Limitations & Future Work¶
- Potential unintended content overlap between fictional documents (similarity across seed events) may contribute to the "leakage" effect.
- The reliance on GPT-4o for generation might introduce specific model biases.
- Experiments were conducted on models \(\le 8B\); behaviors in large-scale pre-training scenarios might differ.
- The 5% injection rate was fixed; the impact of different rates on memorization forms was not systematically studied.
Related Work & Insights¶
- vs TOFU: TOFU is designed for unlearning using templated fill-in-the-blank questions and lacks source documents. FictionalQA provides both multi-style documents and QA, closely mirroring real pre-training data.
- vs Synthetic Biographies (Allen-Zhu & Li): Those are more templated; FictionalQA's webtext style is more natural and diverse, suitable for studying surface form impacts.
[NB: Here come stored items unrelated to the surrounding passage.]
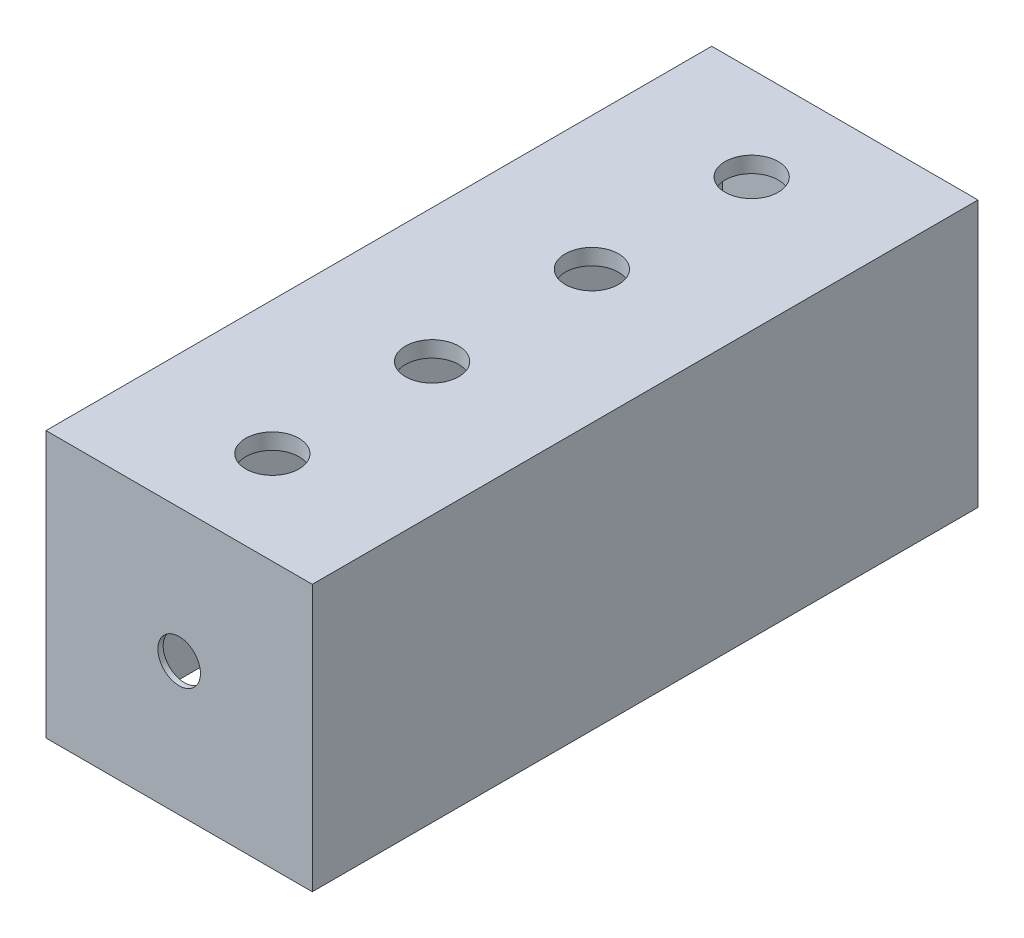
ISO-10303-21;
HEADER;
FILE_DESCRIPTION(('STEP AP214'),'2;1');
FILE_NAME('part.step','',(''),(''),'','','');
FILE_SCHEMA(('AUTOMOTIVE_DESIGN { 1 0 10303 214 1 1 1 1 }'));
ENDSEC;
DATA;
#1=APPLICATION_CONTEXT('core data for automotive mechanical design processes');
#2=APPLICATION_PROTOCOL_DEFINITION('international standard','automotive_design',2000,#1);
#3=PRODUCT_CONTEXT('',#1,'mechanical');
#4=PRODUCT('Part','Part','',(#3));
#5=PRODUCT_RELATED_PRODUCT_CATEGORY('part','',(#4));
#6=PRODUCT_DEFINITION_FORMATION('','',#4);
#7=PRODUCT_DEFINITION_CONTEXT('part definition',#1,'design');
#8=PRODUCT_DEFINITION('design','',#6,#7);
#9=PRODUCT_DEFINITION_SHAPE('','',#8);
#10=(LENGTH_UNIT() NAMED_UNIT(*) SI_UNIT(.MILLI.,.METRE.));
#11=(NAMED_UNIT(*) PLANE_ANGLE_UNIT() SI_UNIT($,.RADIAN.));
#12=(NAMED_UNIT(*) SI_UNIT($,.STERADIAN.) SOLID_ANGLE_UNIT());
#13=UNCERTAINTY_MEASURE_WITH_UNIT(LENGTH_MEASURE(1.E-05),#10,'distance_accuracy_value','');
#14=(GEOMETRIC_REPRESENTATION_CONTEXT(3) GLOBAL_UNCERTAINTY_ASSIGNED_CONTEXT((#13)) GLOBAL_UNIT_ASSIGNED_CONTEXT((#10,
#11,#12)) REPRESENTATION_CONTEXT('',''));
#15=CARTESIAN_POINT('',(0.,0.,0.));
#16=DIRECTION('',(0.,0.,1.));
#17=DIRECTION('',(1.,0.,0.));
#18=AXIS2_PLACEMENT_3D('',#15,#16,#17);
#19=CARTESIAN_POINT('',(0.,0.,125.));
#20=DIRECTION('',(0.,1.,0.));
#21=DIRECTION('',(0.,0.,1.));
#22=AXIS2_PLACEMENT_3D('',#19,#20,#21);
#23=PLANE('',#22);
#24=CARTESIAN_POINT('',(-1.59483084179832,0.,122.));
#25=DIRECTION('',(0.,-1.,0.));
#26=DIRECTION('',(0.,0.,-1.));
#27=AXIS2_PLACEMENT_3D('',#24,#25,#26);
#28=CIRCLE('',#27,1.);
#29=CARTESIAN_POINT('',(-1.59483084179832,0.,121.));
#30=VERTEX_POINT('',#29);
#31=EDGE_CURVE('E462',#30,#30,#28,.T.);
#32=ORIENTED_EDGE('',*,*,#31,.F.);
#33=EDGE_LOOP('',(#32));
#34=FACE_BOUND('',#33,.T.);
#35=CARTESIAN_POINT('',(-48.5156100207897,0.,3.));
#36=DIRECTION('',(0.,-1.,0.));
#37=DIRECTION('',(0.,0.,-1.));
#38=AXIS2_PLACEMENT_3D('',#35,#36,#37);
#39=CIRCLE('',#38,0.999999999999998);
#40=CARTESIAN_POINT('',(-48.5156100207897,0.,2.));
#41=VERTEX_POINT('',#40);
#42=EDGE_CURVE('E463',#41,#41,#39,.T.);
#43=ORIENTED_EDGE('',*,*,#42,.F.);
#44=EDGE_LOOP('',(#43));
#45=FACE_BOUND('',#44,.T.);
#46=CARTESIAN_POINT('',(-1.59483084179832,0.,3.));
#47=DIRECTION('',(0.,-1.,0.));
#48=DIRECTION('',(0.,0.,-1.));
#49=AXIS2_PLACEMENT_3D('',#46,#47,#48);
#50=CIRCLE('',#49,1.);
#51=CARTESIAN_POINT('',(-1.59483084179832,0.,2.));
#52=VERTEX_POINT('',#51);
#53=EDGE_CURVE('E473',#52,#52,#50,.T.);
#54=ORIENTED_EDGE('',*,*,#53,.F.);
#55=EDGE_LOOP('',(#54));
#56=FACE_BOUND('',#55,.T.);
#57=CARTESIAN_POINT('',(-48.5156100207897,0.,122.));
#58=DIRECTION('',(0.,-1.,0.));
#59=DIRECTION('',(0.,0.,-1.));
#60=AXIS2_PLACEMENT_3D('',#57,#58,#59);
#61=CIRCLE('',#60,0.999999999999998);
#62=CARTESIAN_POINT('',(-48.5156100207897,0.,121.));
#63=VERTEX_POINT('',#62);
#64=EDGE_CURVE('E142',#63,#63,#61,.T.);
#65=ORIENTED_EDGE('',*,*,#64,.F.);
#66=EDGE_LOOP('',(#65));
#67=FACE_BOUND('',#66,.T.);
#68=DIRECTION('',(1.,0.,0.));
#69=VECTOR('',#68,1.);
#70=CARTESIAN_POINT('',(0.,0.,0.));
#71=LINE('',#70,#69);
#72=CARTESIAN_POINT('',(-50.,0.,0.));
#73=VERTEX_POINT('',#72);
#74=CARTESIAN_POINT('',(0.,0.,0.));
#75=VERTEX_POINT('',#74);
#76=EDGE_CURVE('E84',#73,#75,#71,.T.);
#77=ORIENTED_EDGE('',*,*,#76,.T.);
#78=DIRECTION('',(0.,0.,-1.));
#79=VECTOR('',#78,1.);
#80=CARTESIAN_POINT('',(0.,0.,125.));
#81=LINE('',#80,#79);
#82=CARTESIAN_POINT('',(0.,0.,125.));
#83=VERTEX_POINT('',#82);
#84=EDGE_CURVE('E195',#83,#75,#81,.T.);
#85=ORIENTED_EDGE('',*,*,#84,.F.);
#86=DIRECTION('',(1.,0.,0.));
#87=VECTOR('',#86,1.);
#88=CARTESIAN_POINT('',(0.,0.,125.));
#89=LINE('',#88,#87);
#90=CARTESIAN_POINT('',(-50.,0.,125.));
#91=VERTEX_POINT('',#90);
#92=EDGE_CURVE('E63',#91,#83,#89,.T.);
#93=ORIENTED_EDGE('',*,*,#92,.F.);
#94=DIRECTION('',(0.,0.,-1.));
#95=VECTOR('',#94,1.);
#96=CARTESIAN_POINT('',(-50.,0.,125.));
#97=LINE('',#96,#95);
#98=EDGE_CURVE('E204',#91,#73,#97,.T.);
#99=ORIENTED_EDGE('',*,*,#98,.T.);
#100=EDGE_LOOP('',(#77,#85,#93,#99));
#101=FACE_BOUND('',#100,.T.);
#102=DIRECTION('',(0.,0.,-1.));
#103=VECTOR('',#102,1.);
#104=CARTESIAN_POINT('',(-3.,0.,0.));
#105=LINE('',#104,#103);
#106=CARTESIAN_POINT('',(-3.,0.,124.));
#107=VERTEX_POINT('',#106);
#108=CARTESIAN_POINT('',(-3.,0.,1.00000000000001));
#109=VERTEX_POINT('',#108);
#110=EDGE_CURVE('E54',#107,#109,#105,.T.);
#111=ORIENTED_EDGE('',*,*,#110,.T.);
#112=DIRECTION('',(1.,0.,0.));
#113=VECTOR('',#112,1.);
#114=CARTESIAN_POINT('',(0.,0.,1.00000000000001));
#115=LINE('',#114,#113);
#116=CARTESIAN_POINT('',(-47.,0.,1.));
#117=VERTEX_POINT('',#116);
#118=EDGE_CURVE('E136',#117,#109,#115,.T.);
#119=ORIENTED_EDGE('',*,*,#118,.F.);
#120=DIRECTION('',(0.,0.,-1.));
#121=VECTOR('',#120,1.);
#122=CARTESIAN_POINT('',(-47.,0.,0.));
#123=LINE('',#122,#121);
#124=CARTESIAN_POINT('',(-47.,0.,124.));
#125=VERTEX_POINT('',#124);
#126=EDGE_CURVE('E139',#125,#117,#123,.T.);
#127=ORIENTED_EDGE('',*,*,#126,.F.);
#128=DIRECTION('',(1.,0.,0.));
#129=VECTOR('',#128,1.);
#130=CARTESIAN_POINT('',(0.,0.,124.));
#131=LINE('',#130,#129);
#132=EDGE_CURVE('E159',#125,#107,#131,.T.);
#133=ORIENTED_EDGE('',*,*,#132,.T.);
#134=EDGE_LOOP('',(#111,#119,#127,#133));
#135=FACE_BOUND('',#134,.T.);
#136=ADVANCED_FACE('F37',(#34,#45,#56,#67,#101,#135),#23,.F.);
#137=CARTESIAN_POINT('',(-25.,-95.,107.5));
#138=DIRECTION('',(0.,1.,0.));
#139=DIRECTION('',(-1.,0.,0.));
#140=AXIS2_PLACEMENT_3D('',#137,#138,#139);
#141=CYLINDRICAL_SURFACE('',#140,5.);
#142=CARTESIAN_POINT('',(-25.,50.,107.5));
#143=DIRECTION('',(0.,1.,0.));
#144=DIRECTION('',(-1.,0.,0.));
#145=AXIS2_PLACEMENT_3D('',#142,#143,#144);
#146=CIRCLE('',#145,5.);
#147=CARTESIAN_POINT('',(-30.,50.,107.5));
#148=VERTEX_POINT('',#147);
#149=EDGE_CURVE('E176',#148,#148,#146,.T.);
#150=ORIENTED_EDGE('',*,*,#149,.T.);
#151=EDGE_LOOP('',(#150));
#152=FACE_BOUND('',#151,.T.);
#153=CARTESIAN_POINT('',(-25.,47.,107.5));
#154=DIRECTION('',(0.,-1.,0.));
#155=DIRECTION('',(0.,0.,-1.));
#156=AXIS2_PLACEMENT_3D('',#153,#154,#155);
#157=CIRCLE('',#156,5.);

- vs New News (Park et al. 2025): New News is small (75 articles + 375 questions); FictionalQA is larger and fully automated.
- vs Fictional Knowledge (Chang et al. 2024): FictionalQA avoids sci-fi themes to prevent entanglement with real-world knowledge.
Rating¶
- Novelty: ⭐⭐⭐⭐ The hierarchical pipeline and multi-split strategies are clever, though the core idea of using fictional data is not entirely new.
- Experimental Thoroughness: ⭐⭐⭐⭐ Systematic experiments across multiple models and splits, though lacking large-scale pre-training tests.
- Writing Quality: ⭐⭐⭐⭐⭐ Clear structure with detailed motivation and rigorous variable control.
- Value: ⭐⭐⭐⭐ Significant academic value for understanding LLM memorization; the dataset serves as a reusable asset.